The file can have at most M² − M blocks, so that it can be broken up into M − 1 chunks of M blocks each. In the first phase, we sort each chunk independently. In the second phase, we will need to load the a block of each chunk into memory as we merge the M − 1 chunks together (saving the remaining block for accumulating the sorted output).
Problem R3a.15.
Describe the concept of a transaction in database management systems.
A transaction is a group of related database operations that should be completed as a group. That is, if any of the operaions in the transaction modify the databases, then all of the operations in the transaction must be completed.
Problem R3a.16.
Identify and explain what the A stands for among the ACID database properties.
Atomicity is the property that the operations requested by a transaction will either all be completed or all have no effect.
Problem R3a.17.
Identify and explain what the I stands for among the ACID database properties.

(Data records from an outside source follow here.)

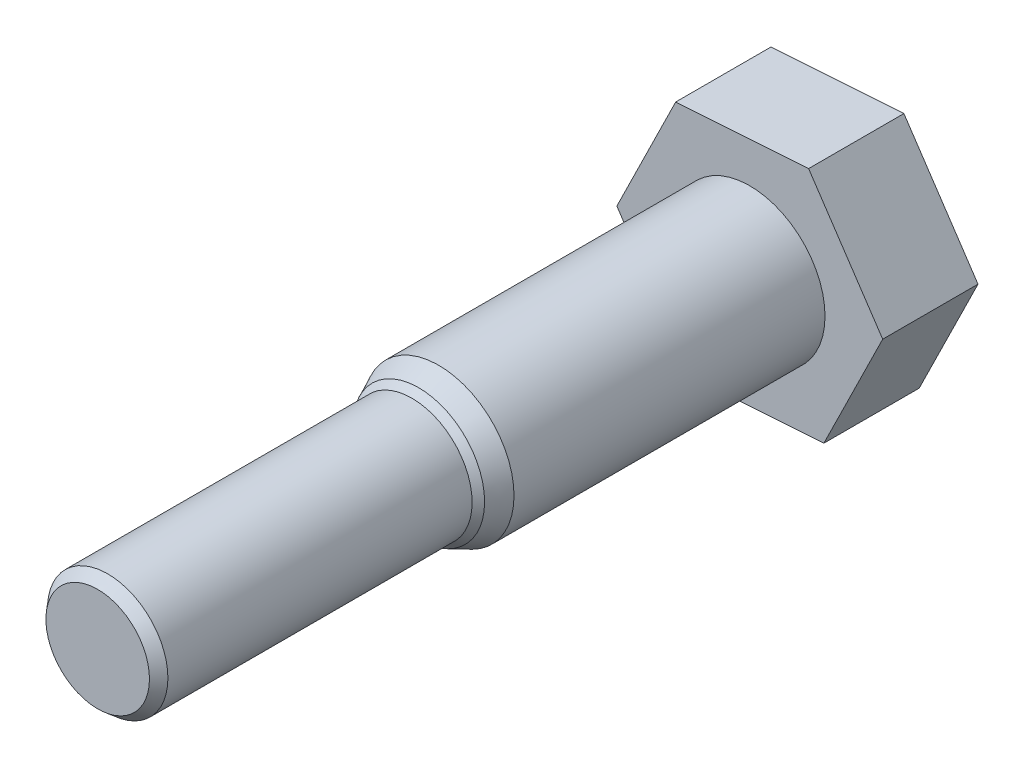
ISO-10303-21;
HEADER;
FILE_DESCRIPTION(('STEP AP214'),'2;1');
FILE_NAME('part.step','',(''),(''),'','','');
FILE_SCHEMA(('AUTOMOTIVE_DESIGN { 1 0 10303 214 1 1 1 1 }'));
ENDSEC;
DATA;
#1=APPLICATION_CONTEXT('core data for automotive mechanical design processes');
#2=APPLICATION_PROTOCOL_DEFINITION('international standard','automotive_design',2000,#1);
#3=PRODUCT_CONTEXT('',#1,'mechanical');
#4=PRODUCT('Part','Part','',(#3));
#5=PRODUCT_RELATED_PRODUCT_CATEGORY('part','',(#4));
#6=PRODUCT_DEFINITION_FORMATION('','',#4);
#7=PRODUCT_DEFINITION_CONTEXT('part definition',#1,'design');
#8=PRODUCT_DEFINITION('design','',#6,#7);
#9=PRODUCT_DEFINITION_SHAPE('','',#8);
#10=(LENGTH_UNIT() NAMED_UNIT(*) SI_UNIT(.MILLI.,.METRE.));
#11=(NAMED_UNIT(*) PLANE_ANGLE_UNIT() SI_UNIT($,.RADIAN.));
#12=(NAMED_UNIT(*) SI_UNIT($,.STERADIAN.) SOLID_ANGLE_UNIT());
#13=UNCERTAINTY_MEASURE_WITH_UNIT(LENGTH_MEASURE(1.E-05),#10,'distance_accuracy_value','');
#14=(GEOMETRIC_REPRESENTATION_CONTEXT(3) GLOBAL_UNCERTAINTY_ASSIGNED_CONTEXT((#13)) GLOBAL_UNIT_ASSIGNED_CONTEXT((#10,
#11,#12)) REPRESENTATION_CONTEXT('',''));
#15=CARTESIAN_POINT('',(0.,0.,0.));
#16=DIRECTION('',(0.,0.,1.));
#17=DIRECTION('',(1.,0.,0.));
#18=AXIS2_PLACEMENT_3D('',#15,#16,#17);
#19=CARTESIAN_POINT('',(14.7706906325746,-22.0717020542165,19.));
#20=DIRECTION('',(0.,0.,1.));
#21=DIRECTION('',(1.,0.,0.));
#22=AXIS2_PLACEMENT_3D('',#19,#20,#21);
#23=PLANE('',#22);
#24=DIRECTION('',(0.997811878273375,0.0661169840249835,0.));
#25=VECTOR('',#24,1.);
#26=CARTESIAN_POINT('',(-11.7293093674254,-23.8276443463587,19.));
#27=LINE('',#26,#25);
#28=CARTESIAN_POINT('',(-11.7293093674254,-23.8276443463587,19.));
#29=VERTEX_POINT('',#28);
#30=CARTESIAN_POINT('',(14.7706906325746,-22.0717020542165,19.));
#31=VERTEX_POINT('',#30);
#32=EDGE_CURVE('E129',#29,#31,#27,.T.);
#33=ORIENTED_EDGE('',*,*,#32,.T.);
#34=DIRECTION('',(0.441646951349442,0.8971889267951,0.));
#35=VECTOR('',#34,1.);
#36=CARTESIAN_POINT('',(14.7706906325746,-22.0717020542165,19.));
#37=LINE('',#36,#35);
#38=CARTESIAN_POINT('',(26.5,1.7559422921422,19.));
#39=VERTEX_POINT('',#38);
#40=EDGE_CURVE('E87',#31,#39,#37,.T.);
#41=ORIENTED_EDGE('',*,*,#40,.T.);
#42=DIRECTION('',(-0.556164926923933,0.831071942770117,0.));
#43=VECTOR('',#42,1.);
#44=CARTESIAN_POINT('',(26.5,1.7559422921422,19.));
#45=LINE('',#44,#43);
#46=CARTESIAN_POINT('',(11.7293093674254,23.8276443463587,19.));
#47=VERTEX_POINT('',#46);
#48=EDGE_CURVE('E100',#39,#47,#45,.T.);
#49=ORIENTED_EDGE('',*,*,#48,.T.);
#50=DIRECTION('',(-0.997811878273375,-0.0661169840249832,0.));
#51=VECTOR('',#50,1.);
#52=CARTESIAN_POINT('',(11.7293093674254,23.8276443463587,19.));
#53=LINE('',#52,#51);
#54=CARTESIAN_POINT('',(-14.7706906325746,22.0717020542165,19.));
#55=VERTEX_POINT('',#54);
#56=EDGE_CURVE('E94',#47,#55,#53,.T.);
#57=ORIENTED_EDGE('',*,*,#56,.T.);
#58=DIRECTION('',(-0.441646951349442,-0.8971889267951,0.));
#59=VECTOR('',#58,1.);
#60=CARTESIAN_POINT('',(-14.7706906325746,22.0717020542165,19.));
#61=LINE('',#60,#59);
#62=CARTESIAN_POINT('',(-26.5,-1.75594229214218,19.));
#63=VERTEX_POINT('',#62);
#64=EDGE_CURVE('E98',#55,#63,#61,.T.);
#65=ORIENTED_EDGE('',*,*,#64,.T.);
#66=DIRECTION('',(0.556164926923933,-0.831071942770117,0.));
#67=VECTOR('',#66,1.);
#68=CARTESIAN_POINT('',(-26.5,-1.75594229214218,19.));
#69=LINE('',#68,#67);
#70=EDGE_CURVE('E49',#63,#29,#69,.T.);
#71=ORIENTED_EDGE('',*,*,#70,.T.);
#72=EDGE_LOOP('',(#33,#41,#49,#57,#65,#71));
#73=FACE_BOUND('',#72,.T.);
#74=CARTESIAN_POINT('',(0.,0.,19.));
#75=DIRECTION('',(0.,0.,1.));
#76=DIRECTION('',(1.,0.,0.));
#77=AXIS2_PLACEMENT_3D('',#74,#75,#76);
#78=CIRCLE('',#77,15.);
#79=CARTESIAN_POINT('',(15.,0.,19.));
#80=VERTEX_POINT('',#79);
#81=EDGE_CURVE('E148',#80,#80,#78,.T.);
#82=ORIENTED_EDGE('',*,*,#81,.F.);
#83=EDGE_LOOP('',(#82));
#84=FACE_BOUND('',#83,.T.);
#85=ADVANCED_FACE('F32',(#73,#84),#23,.T.);
#86=CARTESIAN_POINT('',(-11.7293093674254,-23.8276443463587,19.));
#87=DIRECTION('',(-0.0661169840249835,0.997811878273375,0.));
#88=DIRECTION('',(-0.997811878273375,-0.0661169840249835,0.));
#89=AXIS2_PLACEMENT_3D('',#86,#87,#88);
#90=PLANE('',#89);
#91=DIRECTION('',(0.997811878273375,0.0661169840249835,0.));
#92=VECTOR('',#91,1.);
#93=CARTESIAN_POINT('',(-11.7293093674254,-23.8276443463587,0.));
#94=LINE('',#93,#92);
#95=CARTESIAN_POINT('',(-11.7293093674254,-23.8276443463587,0.));
#96=VERTEX_POINT('',#95);
#97=CARTESIAN_POINT('',(14.7706906325746,-22.0717020542165,0.));
#98=VERTEX_POINT('',#97);
#99=EDGE_CURVE('E118',#96,#98,#94,.T.);
#100=ORIENTED_EDGE('',*,*,#99,.T.);
#101=DIRECTION('',(0.,0.,-1.));
#102=VECTOR('',#101,1.);
#103=CARTESIAN_POINT('',(14.7706906325746,-22.0717020542165,19.));
#104=LINE('',#103,#102);
#105=EDGE_CURVE('E41',#31,#98,#104,.T.);
#106=ORIENTED_EDGE('',*,*,#105,.F.);
#107=ORIENTED_EDGE('',*,*,#32,.F.);
#108=DIRECTION('',(0.,0.,-1.));
#109=VECTOR('',#108,1.);
#110=CARTESIAN_POINT('',(-11.7293093674254,-23.8276443463587,19.));
#111=LINE('',#110,#109);
#112=EDGE_CURVE('E114',#29,#96,#111,.T.);
#113=ORIENTED_EDGE('',*,*,#112,.T.);
#114=EDGE_LOOP('',(#100,#106,#107,#113));
#115=FACE_BOUND('',#114,.T.);
#116=ADVANCED_FACE('F140',(#115),#90,.F.);
#117=CARTESIAN_POINT('',(14.7706906325746,-22.0717020542165,19.));
#118=DIRECTION('',(-0.8971889267951,0.441646951349442,0.));
#119=DIRECTION('',(-0.441646951349442,-0.8971889267951,0.));
#120=AXIS2_PLACEMENT_3D('',#117,#118,#119);
#121=PLANE('',#120);
#122=DIRECTION('',(0.441646951349442,0.8971889267951,0.));
#123=VECTOR('',#122,1.);
#124=CARTESIAN_POINT('',(14.7706906325746,-22.0717020542165,0.));
#125=LINE('',#124,#123);
#126=CARTESIAN_POINT('',(26.5,1.7559422921422,0.));
#127=VERTEX_POINT('',#126);
#128=EDGE_CURVE('E121',#98,#127,#125,.T.);
#129=ORIENTED_EDGE('',*,*,#128,.T.);
#130=DIRECTION('',(0.,0.,-1.));
#131=VECTOR('',#130,1.);
#132=CARTESIAN_POINT('',(26.5,1.7559422921422,19.));
#133=LINE('',#132,#131);
#134=EDGE_CURVE('E133',#39,#127,#133,.T.);
#135=ORIENTED_EDGE('',*,*,#134,.F.);
#136=ORIENTED_EDGE('',*,*,#40,.F.);
#137=ORIENTED_EDGE('',*,*,#105,.T.);
#138=EDGE_LOOP('',(#129,#135,#136,#137));
#139=FACE_BOUND('',#138,.T.);
#140=ADVANCED_FACE('F136',(#139),#121,.F.);
#141=CARTESIAN_POINT('',(26.5,1.7559422921422,19.));
#142=DIRECTION('',(-0.831071942770117,-0.556164926923933,0.));
#143=DIRECTION('',(0.556164926923933,-0.831071942770117,0.));
#144=AXIS2_PLACEMENT_3D('',#141,#142,#143);
#145=PLANE('',#144);
#146=DIRECTION('',(-0.556164926923933,0.831071942770117,0.));
#147=VECTOR('',#146,1.);
#148=CARTESIAN_POINT('',(26.5,1.7559422921422,0.));
#149=LINE('',#148,#147);
#150=CARTESIAN_POINT('',(11.7293093674254,23.8276443463587,0.));
#151=VERTEX_POINT('',#150);
#152=EDGE_CURVE('E124',#127,#151,#149,.T.);
#153=ORIENTED_EDGE('',*,*,#152,.T.);
#154=DIRECTION('',(0.,0.,-1.));
#155=VECTOR('',#154,1.);
#156=CARTESIAN_POINT('',(11.7293093674254,23.8276443463587,19.));
#157=LINE('',#156,#155);
#158=EDGE_CURVE('E109',#47,#151,#157,.T.);
#159=ORIENTED_EDGE('',*,*,#158,.F.);
#160=ORIENTED_EDGE('',*,*,#48,.F.);
#161=ORIENTED_EDGE('',*,*,#134,.T.);
#162=EDGE_LOOP('',(#153,#159,#160,#161));
#163=FACE_BOUND('',#162,.T.);
#164=ADVANCED_FACE('F144',(#163),#145,.F.);
#165=CARTESIAN_POINT('',(11.7293093674254,23.8276443463587,19.));
#166=DIRECTION('',(0.0661169840249832,-0.997811878273375,0.));
#167=DIRECTION('',(0.997811878273375,0.0661169840249832,0.));
#168=AXIS2_PLACEMENT_3D('',#165,#166,#167);
#169=PLANE('',#168);
#170=DIRECTION('',(-0.997811878273375,-0.0661169840249832,0.));
#171=VECTOR('',#170,1.);
#172=CARTESIAN_POINT('',(11.7293093674254,23.8276443463587,0.));
#173=LINE('',#172,#171);
#174=CARTESIAN_POINT('',(-14.7706906325746,22.0717020542165,0.));
#175=VERTEX_POINT('',#174);
#176=EDGE_CURVE('E108',#151,#175,#173,.T.);
#177=ORIENTED_EDGE('',*,*,#176,.T.);
#178=DIRECTION('',(0.,0.,-1.));
#179=VECTOR('',#178,1.);
#180=CARTESIAN_POINT('',(-14.7706906325746,22.0717020542165,19.));
#181=LINE('',#180,#179);
#182=EDGE_CURVE('E105',#55,#175,#181,.T.);
#183=ORIENTED_EDGE('',*,*,#182,.F.);
#184=ORIENTED_EDGE('',*,*,#56,.F.);
#185=ORIENTED_EDGE('',*,*,#158,.T.);
#186=EDGE_LOOP('',(#177,#183,#184,#185));
#187=FACE_BOUND('',#186,.T.);
#188=ADVANCED_FACE('F106',(#187),#169,.F.);
#189=CARTESIAN_POINT('',(-14.7706906325746,22.0717020542165,19.));
#190=DIRECTION('',(0.8971889267951,-0.441646951349442,0.));
#191=DIRECTION('',(0.441646951349442,0.8971889267951,0.));
#192=AXIS2_PLACEMENT_3D('',#189,#190,#191);
#193=PLANE('',#192);
#194=DIRECTION('',(-0.441646951349442,-0.8971889267951,0.));
#195=VECTOR('',#194,1.);
#196=CARTESIAN_POINT('',(-14.7706906325746,22.0717020542165,0.));
#197=LINE('',#196,#195);
#198=CARTESIAN_POINT('',(-26.5,-1.75594229214218,0.));
#199=VERTEX_POINT('',#198);
#200=EDGE_CURVE('E72',#175,#199,#197,.T.);
#201=ORIENTED_EDGE('',*,*,#200,.T.);
#202=DIRECTION('',(0.,0.,-1.));
#203=VECTOR('',#202,1.);
#204=CARTESIAN_POINT('',(-26.5,-1.75594229214218,19.));
#205=LINE('',#204,#203);
#206=EDGE_CURVE('E110',#63,#199,#205,.T.);
#207=ORIENTED_EDGE('',*,*,#206,.F.);
#208=ORIENTED_EDGE('',*,*,#64,.F.);
#209=ORIENTED_EDGE('',*,*,#182,.T.);
#210=EDGE_LOOP('',(#201,#207,#208,#209));
#211=FACE_BOUND('',#210,.T.);
#212=ADVANCED_FACE('F112',(#211),#193,.F.);
#213=CARTESIAN_POINT('',(-26.5,-1.75594229214218,19.));
#214=DIRECTION('',(0.831071942770117,0.556164926923933,0.));
#215=DIRECTION('',(-0.556164926923933,0.831071942770117,0.));
#216=AXIS2_PLACEMENT_3D('',#213,#214,#215);
#217=PLANE('',#216);
#218=DIRECTION('',(0.556164926923933,-0.831071942770117,0.));
#219=VECTOR('',#218,1.);
#220=CARTESIAN_POINT('',(-26.5,-1.75594229214218,0.));
#221=LINE('',#220,#219);
#222=EDGE_CURVE('E78',#199,#96,#221,.T.);
#223=ORIENTED_EDGE('',*,*,#222,.T.);
#224=ORIENTED_EDGE('',*,*,#112,.F.);
#225=ORIENTED_EDGE('',*,*,#70,.F.);
#226=ORIENTED_EDGE('',*,*,#206,.T.);
#227=EDGE_LOOP('',(#223,#224,#225,#226));
#228=FACE_BOUND('',#227,.T.);
#229=ADVANCED_FACE('F195',(#228),#217,.F.);
#230=CARTESIAN_POINT('',(0.,0.,0.));
#231=DIRECTION('',(0.,0.,1.));
#232=DIRECTION('',(1.,0.,0.));
#233=AXIS2_PLACEMENT_3D('',#230,#231,#232);
#234=PLANE('',#233);
#235=ORIENTED_EDGE('',*,*,#99,.F.);
#236=ORIENTED_EDGE('',*,*,#222,.F.);
#237=ORIENTED_EDGE('',*,*,#200,.F.);
#238=ORIENTED_EDGE('',*,*,#176,.F.);
#239=ORIENTED_EDGE('',*,*,#152,.F.);
#240=ORIENTED_EDGE('',*,*,#128,.F.);
#241=EDGE_LOOP('',(#235,#236,#237,#238,#239,#240));
#242=FACE_BOUND('',#241,.T.);
#243=ADVANCED_FACE('F34',(#242),#234,.F.);
#244=CARTESIAN_POINT('',(0.,0.,81.));
#245=DIRECTION('',(0.,0.,-1.));
#246=DIRECTION('',(-1.,0.,0.));
#247=AXIS2_PLACEMENT_3D('',#244,#245,#246);
#248=CYLINDRICAL_SURFACE('',#247,15.);
#249=CARTESIAN_POINT('',(0.,0.,81.));
#250=DIRECTION('',(0.,0.,1.));
#251=DIRECTION('',(1.,0.,0.));
#252=AXIS2_PLACEMENT_3D('',#249,#250,#251);
#253=CIRCLE('',#252,15.);
#254=CARTESIAN_POINT('',(15.,0.,81.));
#255=VERTEX_POINT('',#254);
#256=EDGE_CURVE('E122',#255,#255,#253,.T.);
#257=ORIENTED_EDGE('',*,*,#256,.F.);
#258=EDGE_LOOP('',(#257));
#259=FACE_BOUND('',#258,.T.);
#260=ORIENTED_EDGE('',*,*,#81,.T.);
#261=EDGE_LOOP('',(#260));
#262=FACE_BOUND('',#261,.T.);
#263=ADVANCED_FACE('F185',(#259,#262),#248,.T.);
#264=CARTESIAN_POINT('',(0.,0.,81.));
#265=DIRECTION('',(0.,0.,-1.));
#266=DIRECTION('',(1.,0.,0.));
#267=AXIS2_PLACEMENT_3D('',#264,#265,#266);
#268=CONICAL_SURFACE('',#267,15.,0.436332312998583);
#269=CARTESIAN_POINT('',(0.,0.,85.));
#270=DIRECTION('',(0.,0.,1.));
#271=DIRECTION('',(1.,0.,0.));
#272=AXIS2_PLACEMENT_3D('',#269,#270,#271);
#273=CIRCLE('',#272,13.13476936738);
#274=CARTESIAN_POINT('',(13.13476936738,0.,85.));
#275=VERTEX_POINT('',#274);
#276=EDGE_CURVE('E151',#275,#275,#273,.T.);
#277=ORIENTED_EDGE('',*,*,#276,.F.);
#278=EDGE_LOOP('',(#277));
#279=FACE_BOUND('',#278,.T.);
#280=ORIENTED_EDGE('',*,*,#256,.T.);
#281=EDGE_LOOP('',(#280));
#282=FACE_BOUND('',#281,.T.);
#283=ADVANCED_FACE('F179',(#279,#282),#268,.T.);
#284=CARTESIAN_POINT('',(0.,0.,85.));
#285=DIRECTION('',(0.,0.,-1.));
#286=DIRECTION('',(1.,0.,0.));
#287=AXIS2_PLACEMENT_3D('',#284,#285,#286);
#288=CONICAL_SURFACE('',#287,13.13476936738,0.698131700797733);
#289=ORIENTED_EDGE('',*,*,#276,.T.);
#290=EDGE_LOOP('',(#289));
#291=FACE_BOUND('',#290,.T.);
#292=CARTESIAN_POINT('',(0.,0.,86.352365470341));
#293=DIRECTION('',(0.,0.,-1.));
#294=DIRECTION('',(-1.,0.,0.));
#295=AXIS2_PLACEMENT_3D('',#292,#293,#294);
#296=CIRCLE('',#295,12.);
#297=CARTESIAN_POINT('',(-12.,0.,86.352365470341));
#298=VERTEX_POINT('',#297);
#299=EDGE_CURVE('E11',#298,#298,#296,.T.);
#300=ORIENTED_EDGE('',*,*,#299,.T.);
#301=EDGE_LOOP('',(#300));
#302=FACE_BOUND('',#301,.T.);
#303=ADVANCED_FACE('F174',(#291,#302),#288,.T.);
#304=CARTESIAN_POINT('',(0.,0.,147.));
#305=DIRECTION('',(0.,0.,-1.));
#306=DIRECTION('',(-1.,0.,0.));
#307=AXIS2_PLACEMENT_3D('',#304,#305,#306);
#308=CYLINDRICAL_SURFACE('',#307,12.);
#309=CARTESIAN_POINT('',(0.,0.,147.));
#310=DIRECTION('',(0.,0.,1.));
#311=DIRECTION('',(1.,0.,0.));
#312=AXIS2_PLACEMENT_3D('',#309,#310,#311);
#313=CIRCLE('',#312,12.);
#314=CARTESIAN_POINT('',(12.,0.,147.));
#315=VERTEX_POINT('',#314);
#316=EDGE_CURVE('E156',#315,#315,#313,.T.);
#317=ORIENTED_EDGE('',*,*,#316,.F.);
#318=EDGE_LOOP('',(#317));
#319=FACE_BOUND('',#318,.T.);
#320=ORIENTED_EDGE('',*,*,#299,.F.);
#321=EDGE_LOOP('',(#320));
#322=FACE_BOUND('',#321,.T.);
#323=ADVANCED_FACE('F168',(#319,#322),#308,.T.);
#324=CARTESIAN_POINT('',(0.,0.,147.));
#325=DIRECTION('',(0.,0.,-1.));
#326=DIRECTION('',(1.,0.,0.));
#327=AXIS2_PLACEMENT_3D('',#324,#325,#326);
#328=CONICAL_SURFACE('',#327,12.,0.698131700797733);
#329=CARTESIAN_POINT('',(0.,0.,149.));
#330=DIRECTION('',(0.,0.,1.));
#331=DIRECTION('',(1.,0.,0.));
#332=AXIS2_PLACEMENT_3D('',#329,#330,#331);
#333=CIRCLE('',#332,10.3218007376454);
#334=CARTESIAN_POINT('',(10.3218007376454,0.,149.));
#335=VERTEX_POINT('',#334);
#336=EDGE_CURVE('E159',#335,#335,#333,.T.);
#337=ORIENTED_EDGE('',*,*,#336,.F.);
#338=EDGE_LOOP('',(#337));
#339=FACE_BOUND('',#338,.T.);
#340=ORIENTED_EDGE('',*,*,#316,.T.);
#341=EDGE_LOOP('',(#340));
#342=FACE_BOUND('',#341,.T.);
#343=ADVANCED_FACE('F165',(#339,#342),#328,.T.);
#344=CARTESIAN_POINT('',(0.,0.,149.));
#345=DIRECTION('',(0.,0.,1.));
#346=DIRECTION('',(1.,0.,0.));
#347=AXIS2_PLACEMENT_3D('',#344,#345,#346);
#348=PLANE('',#347);
#349=ORIENTED_EDGE('',*,*,#336,.T.);
#350=EDGE_LOOP('',(#349));
#351=FACE_BOUND('',#350,.T.);
#352=ADVANCED_FACE('F163',(#351),#348,.T.);
#353=CLOSED_SHELL('',(#85,#116,#140,#164,#188,#212,#229,#243,#263,#283,#303,#323,#343,#352));
#354=MANIFOLD_SOLID_BREP('B2',#353);
#355=ADVANCED_BREP_SHAPE_REPRESENTATION('',(#18,#354),#14);
#356=SHAPE_DEFINITION_REPRESENTATION(#9,#355);
ENDSEC;
END-ISO-10303-21;

Isolation means that transactions should be completed as if they were in isolation, behaving as if one transaction starts and finishes before another is allowed to start.
Problem R3a.18.
Identify and explain what the D stands for among the ACID database properties.
Durability means for each committed transaction, its results will persist no matter what happens in the future. Even if the computer crashes, the transaction's results should still endure. (This is typically accomplished by writing enough information onto disk before the transaction completes.)
Problem R3a.19.
Suppose we have two transactions:
ID action operations 1. Decrease A by 100. r1(A), w1(A) 2. Increase A by 100. r2(A), w2(A)
Suppose A starts at 500. Write three different valid schedules for these transactions, each resulting in a different final value for A, and identify the final value for A for that schedule.
- r_1(A), w_1(A), r_2(A), w_2(A) (or r_2(A), w_2(A), r_1(A), w_1(A))
- A ends up at 500.
- r_1(A), r_2(A), w_1(A), w_2(A) (or r_2(A), r_1(A), w_1(A), w_2(A))
- A ends up at 600.
- r_1(A), r_2(A), w_2(A), w_1(A) (or r_2(A), r_1(A), w_2(A), w_1(A))
- A ends up at 400.
Problem R3a.20.
Draw a precedence graph for determining whether the schedule below is conflict-serializable, labeling each edge with the operations that lead you to include that edge.
w1(A), w2(B), w3(C), w1(B), w2(C), w3(A)
With specific reference to your graph, explain whether you can conclude that the schedule is conflict-serializable.
Because the precedence graph contains a cycle (1 → 3 → 2 → 1), we can conclude that the schedule must not be conflict-serializable.
Problem R3a.21.
Draw a precedence graph for determining whether the schedule below is conflict-serializable.
w1(A), r2(A), w2(B), r3(A), w4(B), w4(C), r3(C), r1(C)
With specific reference to your graph, explain whether you can conclude that the schedule is conflict-serializable.
This graph indicates that the schedule is not conflict-serializable, due to the cycle 1 → 2 → 4 → 1. (There are no other cycles in this graph.)